For context, let me begin by saying I adore Carry On and like Wayward Son. Though the second book was, I felt, a bit depressing in tone, it still had a fairly solid core plot. It meandered a little, but a road trip book can get away with that kind of thing.`
AWTWB doesn’t have such an excuse for its lack of tension or thin plot.
If you’ll recall, Wayward Son ended with a major cliffhanger. Trouble at Watford! Need to get back right now! It was framed with such intensity that one thought Watford might be under siege, or that the Coven had fractured and there had been a hostile takeover of some kind. Maybe the rest of the magickal world had banded against Mages because, honestly, Mages are asshats who think they’re superior to everyone else. In short, there were so many interesting possibilities.
What we got at the opening of AWTWB was… flat. We don’t open with the group arriving at Watford, ready to tackle whatever problems have arisen. Instead, they’re all back in England and they’ve split up to take care of random personal issues. The “trouble at Watford,” in particular seems to have been that Baz’s Aunt Fiona broke into the Headmistress’ office and got locked in a Tower for it.
Meanwhile, Simon has gone home with Agatha, where he’s told he has money because the Mage left him everything. And Penny drags Shepherd home with her in hopes her mom can help him with his curse.
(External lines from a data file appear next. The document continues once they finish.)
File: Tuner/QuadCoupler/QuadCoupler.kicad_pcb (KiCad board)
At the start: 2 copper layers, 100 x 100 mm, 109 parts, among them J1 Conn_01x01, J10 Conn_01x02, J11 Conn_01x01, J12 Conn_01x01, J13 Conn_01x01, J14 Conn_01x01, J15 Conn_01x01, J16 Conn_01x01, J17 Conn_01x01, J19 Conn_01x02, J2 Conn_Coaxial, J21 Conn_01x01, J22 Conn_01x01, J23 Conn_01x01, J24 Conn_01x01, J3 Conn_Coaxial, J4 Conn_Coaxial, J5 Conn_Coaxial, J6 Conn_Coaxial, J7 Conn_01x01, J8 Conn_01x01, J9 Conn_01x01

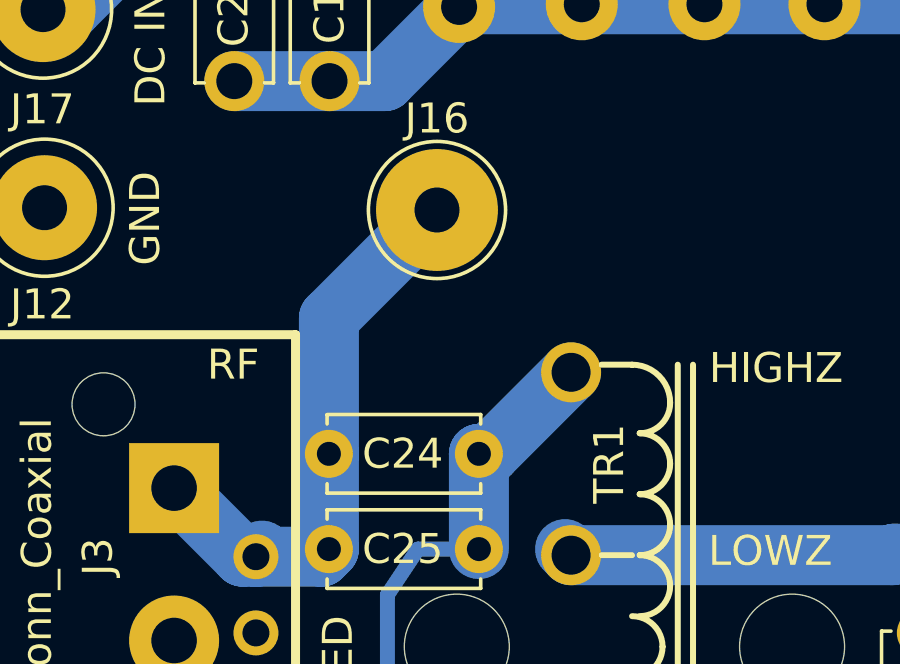
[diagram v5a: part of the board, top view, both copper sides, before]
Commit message: Added OptoisolatedRelay
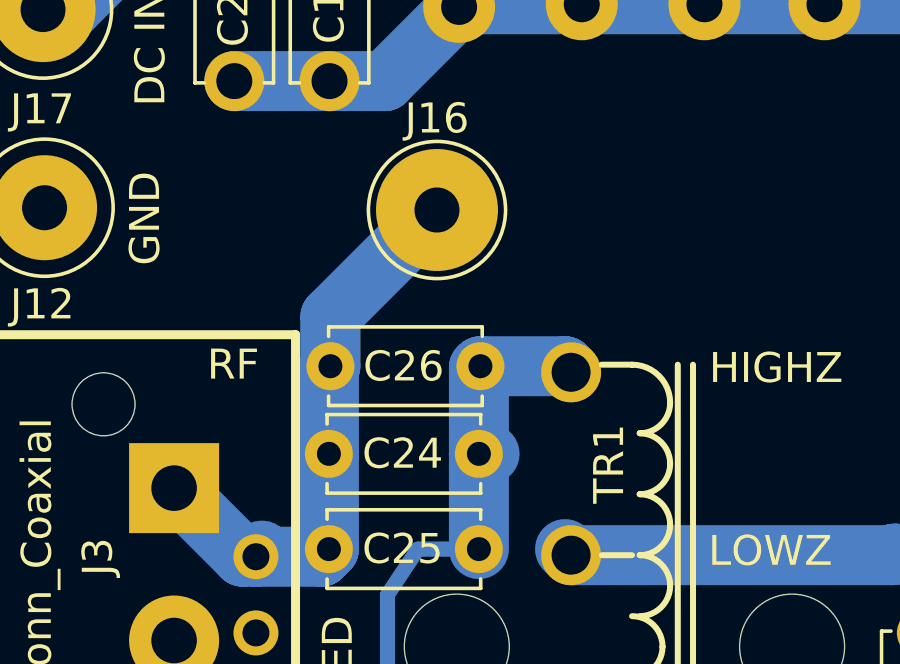
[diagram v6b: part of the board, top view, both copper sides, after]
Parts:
- added C26: NC, Capacitors_THT:C_Disc_D5.0mm_W2.5mm_P5.00mm, F.Cu at (59.7, 82.5)
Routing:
- net Net-(C24-Pad1): track 19.6 -> 21.8 mm
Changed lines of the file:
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@@
 (kicad_pcb (version 4) (host pcbnew 4.0.7)
   (general
-    (links 186)
+    (links 188)
     (no_connects 0)
     (area 39.924999 39.924999 140.075001 140.075001)
     (thickness 1.6)
     (drawings 58)
-    (tracks 347)
+    (tracks 352)
     (zones 0)
-    (modules 109)
+    (modules 110)
     (nets 34)
   )
@@
   )
   (setup
-    (last_trace_width 0.5)
+    (last_trace_width 2)
     (user_trace_width 0.35)
     (user_trace_width 0.5)
@@
       (net 33 "Net-(C24-Pad2)"))
   )
+  (module Capacitors_THT:C_Disc_D5.0mm_W2.5mm_P5.00mm (layer F.Cu)
+    (at 59.7408 82.55 180)
+    (descr "C, Disc series, Radial, pin pitch=5.00mm, , diameter*width=5*2.5mm^2, Capacitor, http://cdn-reichelt.de/documents/datenblatt/B300/DS_KERKO_TC.pdf")
+    (tags "C Disc series Radial pin pitch 5.00mm  diameter 5mm width 2.5mm Capacitor")
+    (fp_text reference C26 (at 2.5576 -0.011801 180) (layer F.SilkS)
+      (effects (font (size 1 1) (thickness 0.15)))
+    )
+    (fp_text value NC (at 2.5 2.56 180) (layer F.Fab)
+      (effects (font (size 1 1) (thickness 0.15)))
+    )
+    (fp_line (start 0 -1.25) (end 0 1.25) (layer F.Fab) (width 0.1))
+    (fp_line (start 0 1.25) (end 5 1.25) (layer F.Fab) (width 0.1))
+    (fp_line (start 5 1.25) (end 5 -1.25) (layer F.Fab) (width 0.1))
+    (fp_line (start 5 -1.25) (end 0 -1.25) (layer F.Fab) (width 0.1))
+    (fp_line (start -0.06 -1.31) (end 5.06 -1.31) (layer F.SilkS) (width 0.12))
+    (fp_line (start -0.06 1.31) (end 5.06 1.31) (layer F.SilkS) (width 0.12))
+    (fp_line (start -0.06 -1.31) (end -0.06 -0.996) (layer F.SilkS) (width 0.12))
+    (fp_line (start -0.06 0.996) (end -0.06 1.31) (layer F.SilkS) (width 0.12))
+    (fp_line (start 5.06 -1.31) (end 5.06 -0.996) (layer F.SilkS) (width 0.12))
+    (fp_line (start 5.06 0.996) (end 5.06 1.31) (layer F.SilkS) (width 0.12))
+    (fp_line (start -1.05 -1.6) (end -1.05 1.6) (layer F.CrtYd) (width 0.05))
+    (fp_line (start -1.05 1.6) (end 6.05 1.6) (layer F.CrtYd) (width 0.05))
+    (fp_line (start 6.05 1.6) (end 6.05 -1.6) (layer F.CrtYd) (width 0.05))
+    (fp_line (start 6.05 -1.6) (end -1.05 -1.6) (layer F.CrtYd) (width 0.05))
+    (fp_text user %R (at 2.5 0 180) (layer F.Fab)
+      (effects (font (size 1 1) (thickness 0.15)))
+    )
+    (pad 1 thru_hole circle (at 0 0 180) (size 1.6 1.6) (drill 0.8) (layers *.Cu *.Mask)
+      (net 32 "Net-(C24-Pad1)"))
+    (pad 2 thru_hole circle (at 5 0 180) (size 1.6 1.6) (drill 0.8) (layers *.Cu *.Mask)
+      (net 33 "Net-(C24-Pad2)"))
+    (model ${KISYS3DMOD}/Capacitors_THT.3dshapes/C_Disc_D5.0mm_W2.5mm_P5.00mm.wrl
+      (at (xyz 0 0 0))
+      (scale (xyz 1 1 1))
+      (rotate (xyz 0 0 0))
+    )
+  )
   (gr_text "RF CHOKES" (at 129.413 134.5692 90) (layer F.SilkS)
     (effects (font (size 1 1) (thickness 0.15)))
@@
   (segment (start 132.461 94.7547) (end 128.4605 94.7547) (width 2) (layer B.Cu) (net 18))
   (segment (start 83.693 94.869) (end 84.0994 94.869) (width 2) (layer B.Cu) (net 18) (status 30))
-  (segment (start 129.159 57.404) (end 130.7719 57.404) (width 0.5) (layer B.Cu) (net 19) (status 400000))
-  (segment (start 131.8768 74.041) (end 128.524 74.041) (width 0.5) (layer B.Cu) (net 19) (status 800000))
+  (segment (start 129.159 57.404) (end 130.7719 57.404) (width 0.5) (layer B.Cu) (net 19))
+  (segment (start 131.8768 74.041) (end 128.524 74.041) (width 0.5) (layer B.Cu) (net 19))
   (segment (start 135.2296 70.6882) (end 131.8768 74.041) (width 0.5) (layer B.Cu) (net 19))
   (segment (start 135.2296 61.8617) (end 135.2296 70.6882) (width 0.5) (layer B.Cu) (net 19))
@@
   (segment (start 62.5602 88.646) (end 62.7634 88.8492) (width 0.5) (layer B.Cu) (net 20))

It’s seriously underwhelming.
Then Simon moves out of his apartment with Penny and tries to break up with Baz, but that lasts all of 20 pages. Most of the rest of the book is Simon and Baz dealing with Simon’s sexual dysfunction/intimacy issues. (Seriously, wtf is up with Simon wanting to bite Baz? Like, I half expected we’d discover he really was part dragon after all or something.) But again, there’s no real tension, no real fear they might break up. Just a lot of confusing description of them trying to get it on. It was a case of a lot less would have gone a lot farther, if that makes sense?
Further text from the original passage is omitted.